For years, voices — including this newspaper — have warned cities and states that if they didn’t get a grip on public pensions wildly out of line with what the private-sector pays, they would one day find themselves unable to fund the basic operations that keep a state or city running.

That day came this week in New Jersey when Judge Mary Jacobson ordered Chris Christie to make the $2.9 billion payment to the public pension fund that is owed, instead of the $1.3 billion he proposes. Unless the decision is overturned on appeal, it will blow a huge hole in Christie’s budget.

Now, Gov. Christie’s decision to make a partial payment is a de facto recognition his state’s public-pension system is bankrupt.

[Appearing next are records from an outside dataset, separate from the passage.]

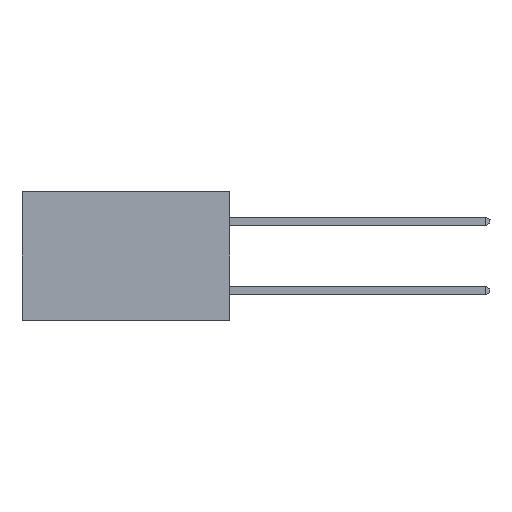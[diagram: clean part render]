
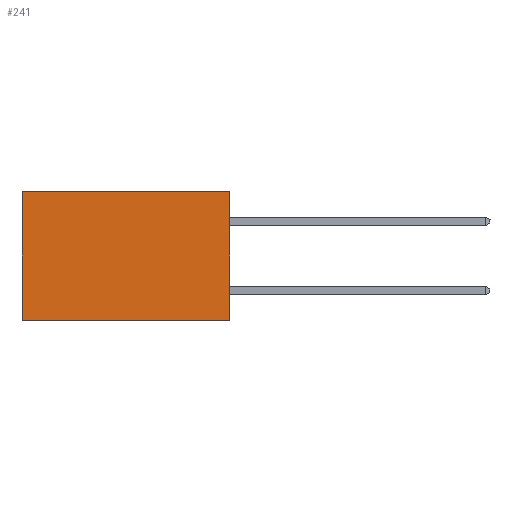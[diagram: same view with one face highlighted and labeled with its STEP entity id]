
A CAD part, left-side view. The second image highlights one B-rep face of the part: STEP entity #241.
In plain terms, the highlighted planar face has unit normal (-1, 0, 0).
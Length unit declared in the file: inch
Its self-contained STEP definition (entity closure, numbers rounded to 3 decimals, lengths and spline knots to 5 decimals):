
#241 = ADVANCED_FACE ( 'NONE', ( #6810 ), #1350, .F. ) ;
#918 = LINE ( 'NONE', #16109, #21422 ) ;
#1023 = VECTOR ( 'NONE', #6157, 39.37008 ) ;
#1350 = PLANE ( 'NONE',  #8293 ) ;
#2028 = VERTEX_POINT ( 'NONE', #17358 ) ;
#2390 = ORIENTED_EDGE ( 'NONE', *, *, #3398, .T. ) ;
#2864 = EDGE_CURVE ( 'NONE', #15945, #2028, #20033, .T. ) ;
#3244 = CARTESIAN_POINT ( 'NONE',  ( 0.298, 0., 0. ) ) ;
#3398 = EDGE_CURVE ( 'NONE', #15945, #5774, #13541, .T. ) ;
#4273 = VERTEX_POINT ( 'NONE', #15284 ) ;
#4962 = DIRECTION ( 'NONE',  ( 0., 0., -1. ) ) ;
#5774 = VERTEX_POINT ( 'NONE', #8387 ) ;
#6157 = DIRECTION ( 'NONE',  ( 0., 1., 0. ) ) ;
#6810 = FACE_OUTER_BOUND ( 'NONE', #15648, .T. ) ;
#8293 = AXIS2_PLACEMENT_3D ( 'NONE', #3244, #10540, #4962 ) ;
#8387 = CARTESIAN_POINT ( 'NONE',  ( 0.298, 0.6, 0. ) ) ;
#10540 = DIRECTION ( 'NONE',  ( 1., 0., 0. ) ) ;
#11377 = EDGE_CURVE ( 'NONE', #2028, #4273, #16463, .T. ) ;
#11401 = DIRECTION ( 'NONE',  ( 0., 0., -1. ) ) ;
#13400 = CARTESIAN_POINT ( 'NONE',  ( 0.298, 0., 0. ) ) ;
#13541 = LINE ( 'NONE', #22318, #20279 ) ;
#13744 = ORIENTED_EDGE ( 'NONE', *, *, #2864, .F. ) ;
#14131 = VECTOR ( 'NONE', #11401, 39.37008 ) ;
#14379 = DIRECTION ( 'NONE',  ( 0., 0., -1. ) ) ;
#15284 = CARTESIAN_POINT ( 'NONE',  ( 0.298, 0.6, -0.37 ) ) ;
#15435 = EDGE_CURVE ( 'NONE', #5774, #4273, #918, .T. ) ;
#15587 = CARTESIAN_POINT ( 'NONE',  ( 0.298, 0., 0. ) ) ;
#15648 = EDGE_LOOP ( 'NONE', ( #23170, #16936, #13744, #2390 ) ) ;
#15945 = VERTEX_POINT ( 'NONE', #13400 ) ;
#16109 = CARTESIAN_POINT ( 'NONE',  ( 0.298, 0.6, 0. ) ) ;
#16463 = LINE ( 'NONE', #20366, #1023 ) ;
#16936 = ORIENTED_EDGE ( 'NONE', *, *, #11377, .F. ) ;
#17358 = CARTESIAN_POINT ( 'NONE',  ( 0.298, 0., -0.37 ) ) ;
#20033 = LINE ( 'NONE', #15587, #14131 ) ;
#20279 = VECTOR ( 'NONE', #20549, 39.37008 ) ;
#20366 = CARTESIAN_POINT ( 'NONE',  ( 0.298, 0., -0.37 ) ) ;
#20549 = DIRECTION ( 'NONE',  ( 0., 1., 0. ) ) ;
#21422 = VECTOR ( 'NONE', #14379, 39.37008 ) ;
#22318 = CARTESIAN_POINT ( 'NONE',  ( 0.298, 0., 0. ) ) ;
#23170 = ORIENTED_EDGE ( 'NONE', *, *, #15435, .T. ) ;

The day after Judge Jacobson’s decision, Christie delivered a budget address devoted almost entirely to the public-pension crisis.

Christie’s new plan calls for freezing the existing pension plan and replacing it with a trust that combines defined benefits with cash-balance 401k savings plans, reducing the state’s liability.

In return for substantial health-care savings, the unfunded liability would be paid off over 40 years.

Perhaps the most extraordinary development is that the state teachers union, Christie’s bitterest enemy, is willing to negotiate. It’s a recognition by the union that the fund is so mired in debt it could become insolvent — and union retirees would lose everything.

Christie did not create this problem and in 2011 did get some reforms passed. In retrospect, it’s clear he declared victory too early.